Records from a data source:
--------
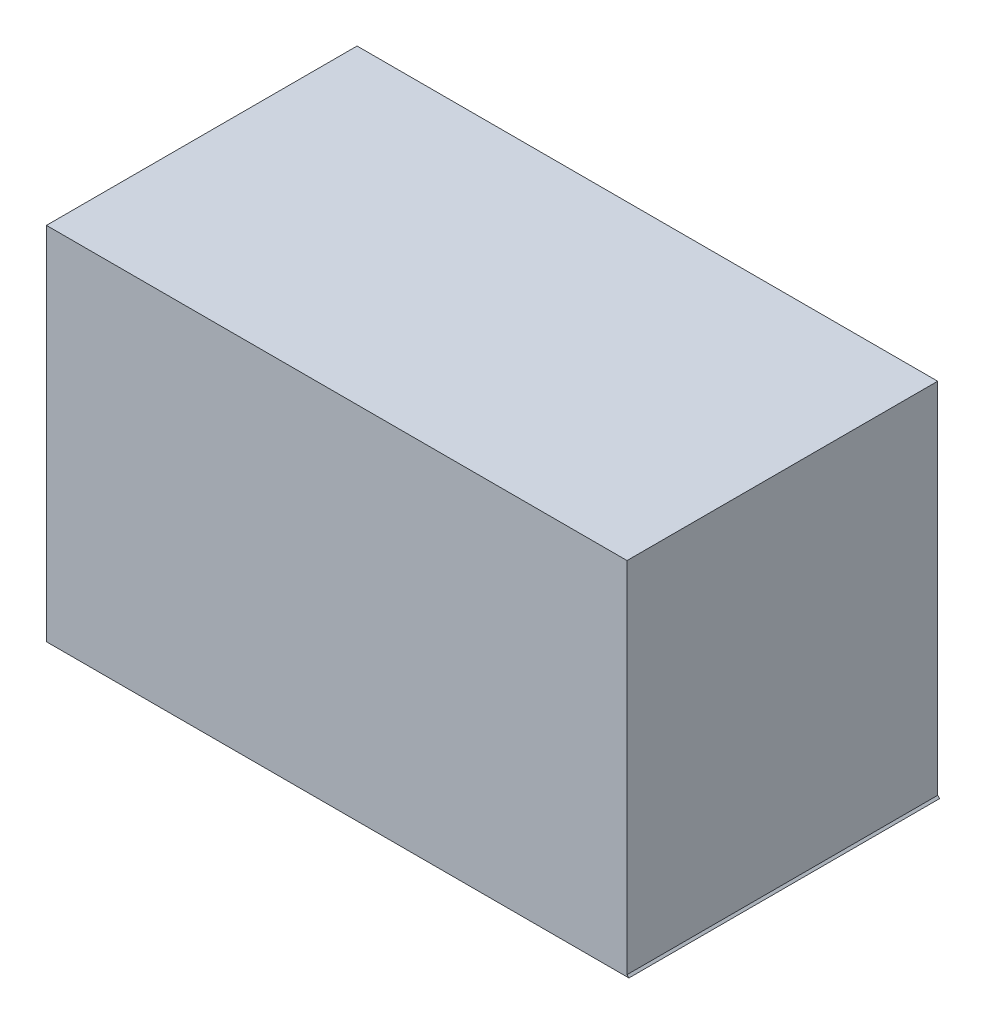
ISO-10303-21;
HEADER;
FILE_DESCRIPTION(('STEP AP214'),'2;1');
FILE_NAME('part.step','',(''),(''),'','','');
FILE_SCHEMA(('AUTOMOTIVE_DESIGN { 1 0 10303 214 1 1 1 1 }'));
ENDSEC;
DATA;
#1=APPLICATION_CONTEXT('core data for automotive mechanical design processes');
#2=APPLICATION_PROTOCOL_DEFINITION('international standard','automotive_design',2000,#1);
#3=PRODUCT_CONTEXT('',#1,'mechanical');
#4=PRODUCT('Part','Part','',(#3));
#5=PRODUCT_RELATED_PRODUCT_CATEGORY('part','',(#4));
#6=PRODUCT_DEFINITION_FORMATION('','',#4);
#7=PRODUCT_DEFINITION_CONTEXT('part definition',#1,'design');
#8=PRODUCT_DEFINITION('design','',#6,#7);
#9=PRODUCT_DEFINITION_SHAPE('','',#8);
#10=(LENGTH_UNIT() NAMED_UNIT(*) SI_UNIT(.MILLI.,.METRE.));
#11=(NAMED_UNIT(*) PLANE_ANGLE_UNIT() SI_UNIT($,.RADIAN.));
#12=(NAMED_UNIT(*) SI_UNIT($,.STERADIAN.) SOLID_ANGLE_UNIT());
#13=UNCERTAINTY_MEASURE_WITH_UNIT(LENGTH_MEASURE(1.E-05),#10,'distance_accuracy_value','');
#14=(GEOMETRIC_REPRESENTATION_CONTEXT(3) GLOBAL_UNCERTAINTY_ASSIGNED_CONTEXT((#13)) GLOBAL_UNIT_ASSIGNED_CONTEXT((#10,
#11,#12)) REPRESENTATION_CONTEXT('',''));
#15=CARTESIAN_POINT('',(0.,0.,0.));
#16=DIRECTION('',(0.,0.,1.));
#17=DIRECTION('',(1.,0.,0.));
#18=AXIS2_PLACEMENT_3D('',#15,#16,#17);
#19=CARTESIAN_POINT('',(0.993394,0.61950854,0.));
#20=DIRECTION('',(0.,0.,-1.));
#21=DIRECTION('',(-1.,0.,0.));
#22=AXIS2_PLACEMENT_3D('',#19,#20,#21);
#23=PLANE('',#22);
#24=DIRECTION('',(-4.10340582194828E-06,0.999999999991581,0.));
#25=VECTOR('',#24,1.);
#26=CARTESIAN_POINT('',(-1.000506,0.618998,0.));
#27=LINE('',#26,#25);
#28=CARTESIAN_POINT('',(-1.00024692,-0.619252,0.));
#29=VERTEX_POINT('',#28);
#30=CARTESIAN_POINT('',(-1.000252,0.619252000000016,0.));
#31=VERTEX_POINT('',#30);
#32=EDGE_CURVE('E93',#29,#31,#27,.T.);
#33=ORIENTED_EDGE('',*,*,#32,.T.);
#34=DIRECTION('',(0.999999999999188,1.27420997404124E-06,0.));
#35=VECTOR('',#34,1.);
#36=CARTESIAN_POINT('',(0.993394,0.61950854,0.));
#37=LINE('',#36,#35);
#38=CARTESIAN_POINT('',(0.993648000000016,0.61925454,0.));
#39=VERTEX_POINT('',#38);
#40=EDGE_CURVE('E65',#31,#39,#37,.T.);
#41=ORIENTED_EDGE('',*,*,#40,.T.);
#42=DIRECTION('',(2.06305519420774E-06,-0.999999999997872,0.));
#43=VECTOR('',#42,1.);
#44=CARTESIAN_POINT('',(0.99390454,-0.61218318,0.));
#45=LINE('',#44,#43);
#46=CARTESIAN_POINT('',(0.99390454,-0.61218318,0.));
#47=VERTEX_POINT('',#46);
#48=EDGE_CURVE('E61',#39,#47,#45,.T.);
#49=ORIENTED_EDGE('',*,*,#48,.T.);
#50=DIRECTION('',(0.707106781186548,-0.707106781186548,0.));
#51=VECTOR('',#50,1.);
#52=CARTESIAN_POINT('',(1.00033074,-0.61860938,0.));
#53=LINE('',#52,#51);
#54=CARTESIAN_POINT('',(1.00016564,-0.619056419999987,0.));
#55=VERTEX_POINT('',#54);
#56=EDGE_CURVE('E63',#47,#55,#53,.T.);
#57=ORIENTED_EDGE('',*,*,#56,.T.);
#58=DIRECTION('',(-0.999999999999194,-1.27000416562225E-06,0.));
#59=VECTOR('',#58,1.);
#60=CARTESIAN_POINT('',(-0.99999292,-0.619506,0.));
#61=LINE('',#60,#59);
#62=EDGE_CURVE('E101',#55,#29,#61,.T.);
#63=ORIENTED_EDGE('',*,*,#62,.T.);
#64=EDGE_LOOP('',(#33,#41,#49,#57,#63));
#65=FACE_BOUND('',#64,.T.);
#66=ADVANCED_FACE('F17',(#65),#23,.T.);
#67=CARTESIAN_POINT('',(0.99390454,-0.61218318,0.));
#68=DIRECTION('',(-0.999999999997872,-2.06305519420774E-06,0.));
#69=DIRECTION('',(2.06305519420774E-06,-0.999999999997872,0.));
#70=AXIS2_PLACEMENT_3D('',#67,#68,#69);
#71=PLANE('',#70);
#72=DIRECTION('',(0.,0.,1.));
#73=VECTOR('',#72,1.);
#74=CARTESIAN_POINT('',(0.993901998951998,0.619508540647297,0.));
#75=LINE('',#74,#73);
#76=CARTESIAN_POINT('',(0.993648000000008,0.61925454,1.0668));
#77=VERTEX_POINT('',#76);
#78=EDGE_CURVE('E95',#39,#77,#75,.T.);
#79=ORIENTED_EDGE('',*,*,#78,.T.);
#80=DIRECTION('',(0.,1.,0.));
#81=VECTOR('',#80,1.);
#82=CARTESIAN_POINT('',(0.993902,0.61950854,1.0668));
#83=LINE('',#82,#81);
#84=CARTESIAN_POINT('',(0.993902846666667,-0.612181486666667,1.0668));
#85=VERTEX_POINT('',#84);
#86=EDGE_CURVE('E82',#77,#85,#83,.F.);
#87=ORIENTED_EDGE('',*,*,#86,.T.);
#88=DIRECTION('',(0.,0.,1.));
#89=VECTOR('',#88,1.);
#90=CARTESIAN_POINT('',(0.99390454,-0.61218318,0.));
#91=LINE('',#90,#89);
#92=EDGE_CURVE('E70',#85,#47,#91,.F.);
#93=ORIENTED_EDGE('',*,*,#92,.T.);
#94=ORIENTED_EDGE('',*,*,#48,.F.);
#95=EDGE_LOOP('',(#79,#87,#93,#94));
#96=FACE_BOUND('',#95,.T.);
#97=ADVANCED_FACE('F81',(#96),#71,.F.);
#98=CARTESIAN_POINT('',(1.00033074,-0.61860938,0.));
#99=DIRECTION('',(-0.707106781186548,-0.707106781186548,0.));
#100=DIRECTION('',(0.707106781186548,-0.707106781186548,0.));
#101=AXIS2_PLACEMENT_3D('',#98,#99,#100);
#102=PLANE('',#101);
#103=ORIENTED_EDGE('',*,*,#92,.F.);
#104=DIRECTION('',(0.707106781186559,-0.707106781186536,0.));
#105=VECTOR('',#104,1.);
#106=CARTESIAN_POINT('',(0.99390454,-0.61218318,1.0668));
#107=LINE('',#106,#105);
#108=CARTESIAN_POINT('',(1.00016564,-0.619056419999994,1.0668));
#109=VERTEX_POINT('',#108);
#110=EDGE_CURVE('E151',#85,#109,#107,.T.);
#111=ORIENTED_EDGE('',*,*,#110,.T.);
#112=CARTESIAN_POINT('',(1.00033074,-0.61860938,1.0668));
#113=DIRECTION('',(0.,0.,-1.));
#114=VECTOR('',#113,1.);
#115=LINE('',#112,#114);
#116=EDGE_CURVE('E77',#109,#55,#115,.T.);
#117=ORIENTED_EDGE('',*,*,#116,.T.);
#118=ORIENTED_EDGE('',*,*,#56,.F.);
#119=EDGE_LOOP('',(#103,#111,#117,#118));
#120=FACE_BOUND('',#119,.T.);
#121=ADVANCED_FACE('F74',(#120),#102,.F.);
#122=CARTESIAN_POINT('',(-0.99999292,-0.619506,0.));
#123=DIRECTION('',(-1.27000416562225E-06,0.999999999999194,0.));
#124=DIRECTION('',(-0.999999999999194,-1.27000416562225E-06,0.));
#125=AXIS2_PLACEMENT_3D('',#122,#123,#124);
#126=PLANE('',#125);
#127=ORIENTED_EDGE('',*,*,#116,.F.);
#128=DIRECTION('',(-1.,0.,0.));
#129=VECTOR('',#128,1.);
#130=CARTESIAN_POINT('',(0.993394,-0.61950346,1.0668));
#131=LINE('',#130,#129);
#132=CARTESIAN_POINT('',(-1.00024692,-0.619252,1.0668));
#133=VERTEX_POINT('',#132);
#134=EDGE_CURVE('E143',#109,#133,#131,.T.);
#135=ORIENTED_EDGE('',*,*,#134,.T.);
#136=DIRECTION('',(0.,0.,-1.));
#137=VECTOR('',#136,1.);
#138=CARTESIAN_POINT('',(-1.00050091791547,-0.619506000645159,0.));
#139=LINE('',#138,#137);
#140=EDGE_CURVE('E96',#133,#29,#139,.T.);
#141=ORIENTED_EDGE('',*,*,#140,.T.);
#142=ORIENTED_EDGE('',*,*,#62,.F.);
#143=EDGE_LOOP('',(#127,#135,#141,#142));
#144=FACE_BOUND('',#143,.T.);
#145=ADVANCED_FACE('F113',(#144),#126,.F.);
#146=CARTESIAN_POINT('',(-1.000506,0.618998,0.));
#147=DIRECTION('',(0.999999999991581,4.10340582194828E-06,0.));
#148=DIRECTION('',(-4.10340582194828E-06,0.999999999991581,0.));
#149=AXIS2_PLACEMENT_3D('',#146,#147,#148);
#150=PLANE('',#149);
#151=ORIENTED_EDGE('',*,*,#140,.F.);
#152=DIRECTION('',(0.,1.,0.));
#153=VECTOR('',#152,1.);
#154=CARTESIAN_POINT('',(-1.00050092,0.61950854,1.0668));
#155=LINE('',#154,#153);
#156=CARTESIAN_POINT('',(-1.000252,0.619252000000008,1.0668));
#157=VERTEX_POINT('',#156);
#158=EDGE_CURVE('E26',#133,#157,#155,.T.);
#159=ORIENTED_EDGE('',*,*,#158,.T.);
#160=DIRECTION('',(0.,0.,-1.));
#161=VECTOR('',#160,1.);
#162=CARTESIAN_POINT('',(-1.00050600208453,0.61950599935273,0.));
#163=LINE('',#162,#161);
#164=EDGE_CURVE('E34',#157,#31,#163,.T.);
#165=ORIENTED_EDGE('',*,*,#164,.T.);
#166=ORIENTED_EDGE('',*,*,#32,.F.);
#167=EDGE_LOOP('',(#151,#159,#165,#166));
#168=FACE_BOUND('',#167,.T.);
#169=ADVANCED_FACE('F123',(#168),#150,.F.);
#170=CARTESIAN_POINT('',(0.993394,0.61950854,0.));
#171=DIRECTION('',(1.27420997404124E-06,-0.999999999999188,0.));
#172=DIRECTION('',(0.999999999999188,1.27420997404124E-06,0.));
#173=AXIS2_PLACEMENT_3D('',#170,#171,#172);
#174=PLANE('',#173);
#175=ORIENTED_EDGE('',*,*,#164,.F.);
#176=DIRECTION('',(-1.,0.,0.));
#177=VECTOR('',#176,1.);
#178=CARTESIAN_POINT('',(0.993394,0.619506,1.0668));
#179=LINE('',#178,#177);
#180=EDGE_CURVE('E11',#157,#77,#179,.F.);
#181=ORIENTED_EDGE('',*,*,#180,.T.);
#182=ORIENTED_EDGE('',*,*,#78,.F.);
#183=ORIENTED_EDGE('',*,*,#40,.F.);
#184=EDGE_LOOP('',(#175,#181,#182,#183));
#185=FACE_BOUND('',#184,.T.);
#186=ADVANCED_FACE('F162',(#185),#174,.F.);
#187=CARTESIAN_POINT('',(0.993394,0.61950854,1.0668));
#188=DIRECTION('',(0.,0.,-1.));
#189=DIRECTION('',(-1.,0.,0.));
#190=AXIS2_PLACEMENT_3D('',#187,#188,#189);
#191=PLANE('',#190);
#192=ORIENTED_EDGE('',*,*,#158,.F.);
#193=ORIENTED_EDGE('',*,*,#134,.F.);
#194=ORIENTED_EDGE('',*,*,#110,.F.);
#195=ORIENTED_EDGE('',*,*,#86,.F.);
#196=ORIENTED_EDGE('',*,*,#180,.F.);
#197=EDGE_LOOP('',(#192,#193,#194,#195,#196));
#198=FACE_BOUND('',#197,.T.);
#199=ADVANCED_FACE('F149',(#198),#191,.F.);
#200=CLOSED_SHELL('',(#66,#97,#121,#145,#169,#186,#199));
#201=MANIFOLD_SOLID_BREP('B1',#200);
#202=ADVANCED_BREP_SHAPE_REPRESENTATION('',(#18,#201),#14);
#203=SHAPE_DEFINITION_REPRESENTATION(#9,#202);
ENDSEC;
END-ISO-10303-21;
--------
### [What you will do]
Output, from the data above, the lines from the line with "#134=EDGE_CURVE('E143',#109,#133,#131,.T.);" to the line with "#183=ORIENTED_EDGE('',*,*,#40,.F.);" exactly as they stand, both ends included and nothing else.

### [Answer section]
#134=EDGE_CURVE('E143',#109,#133,#131,.T.);
#135=ORIENTED_EDGE('',*,*,#134,.T.);
#136=DIRECTION('',(0.,0.,-1.));
#137=VECTOR('',#136,1.);
#138=CARTESIAN_POINT('',(-1.00050091791547,-0.619506000645159,0.));
#139=LINE('',#138,#137);
#140=EDGE_CURVE('E96',#133,#29,#139,.T.);
#141=ORIENTED_EDGE('',*,*,#140,.T.);
#142=ORIENTED_EDGE('',*,*,#62,.F.);
#143=EDGE_LOOP('',(#127,#135,#141,#142));
#144=FACE_BOUND('',#143,.T.);
#145=ADVANCED_FACE('F113',(#144),#126,.F.);
#146=CARTESIAN_POINT('',(-1.000506,0.618998,0.));
#147=DIRECTION('',(0.999999999991581,4.10340582194828E-06,0.));
#148=DIRECTION('',(-4.10340582194828E-06,0.999999999991581,0.));
#149=AXIS2_PLACEMENT_3D('',#146,#147,#148);
#150=PLANE('',#149);
#151=ORIENTED_EDGE('',*,*,#140,.F.);
#152=DIRECTION('',(0.,1.,0.));
#153=VECTOR('',#152,1.);
#154=CARTESIAN_POINT('',(-1.00050092,0.61950854,1.0668));
#155=LINE('',#154,#153);
#156=CARTESIAN_POINT('',(-1.000252,0.619252000000008,1.0668));
#157=VERTEX_POINT('',#156);
#158=EDGE_CURVE('E26',#133,#157,#155,.T.);
#159=ORIENTED_EDGE('',*,*,#158,.T.);
#160=DIRECTION('',(0.,0.,-1.));
#161=VECTOR('',#160,1.);
#162=CARTESIAN_POINT('',(-1.00050600208453,0.61950599935273,0.));
#163=LINE('',#162,#161);
#164=EDGE_CURVE('E34',#157,#31,#163,.T.);
#165=ORIENTED_EDGE('',*,*,#164,.T.);
#166=ORIENTED_EDGE('',*,*,#32,.F.);
#167=EDGE_LOOP('',(#151,#159,#165,#166));
#168=FACE_BOUND('',#167,.T.);
#169=ADVANCED_FACE('F123',(#168),#150,.F.);
#170=CARTESIAN_POINT('',(0.993394,0.61950854,0.));
#171=DIRECTION('',(1.27420997404124E-06,-0.999999999999188,0.));
#172=DIRECTION('',(0.999999999999188,1.27420997404124E-06,0.));
#173=AXIS2_PLACEMENT_3D('',#170,#171,#172);
#174=PLANE('',#173);
#175=ORIENTED_EDGE('',*,*,#164,.F.);
#176=DIRECTION('',(-1.,0.,0.));
#177=VECTOR('',#176,1.);
#178=CARTESIAN_POINT('',(0.993394,0.619506,1.0668));
#179=LINE('',#178,#177);
#180=EDGE_CURVE('E11',#157,#77,#179,.F.);
#181=ORIENTED_EDGE('',*,*,#180,.T.);
#182=ORIENTED_EDGE('',*,*,#78,.F.);
#183=ORIENTED_EDGE('',*,*,#40,.F.);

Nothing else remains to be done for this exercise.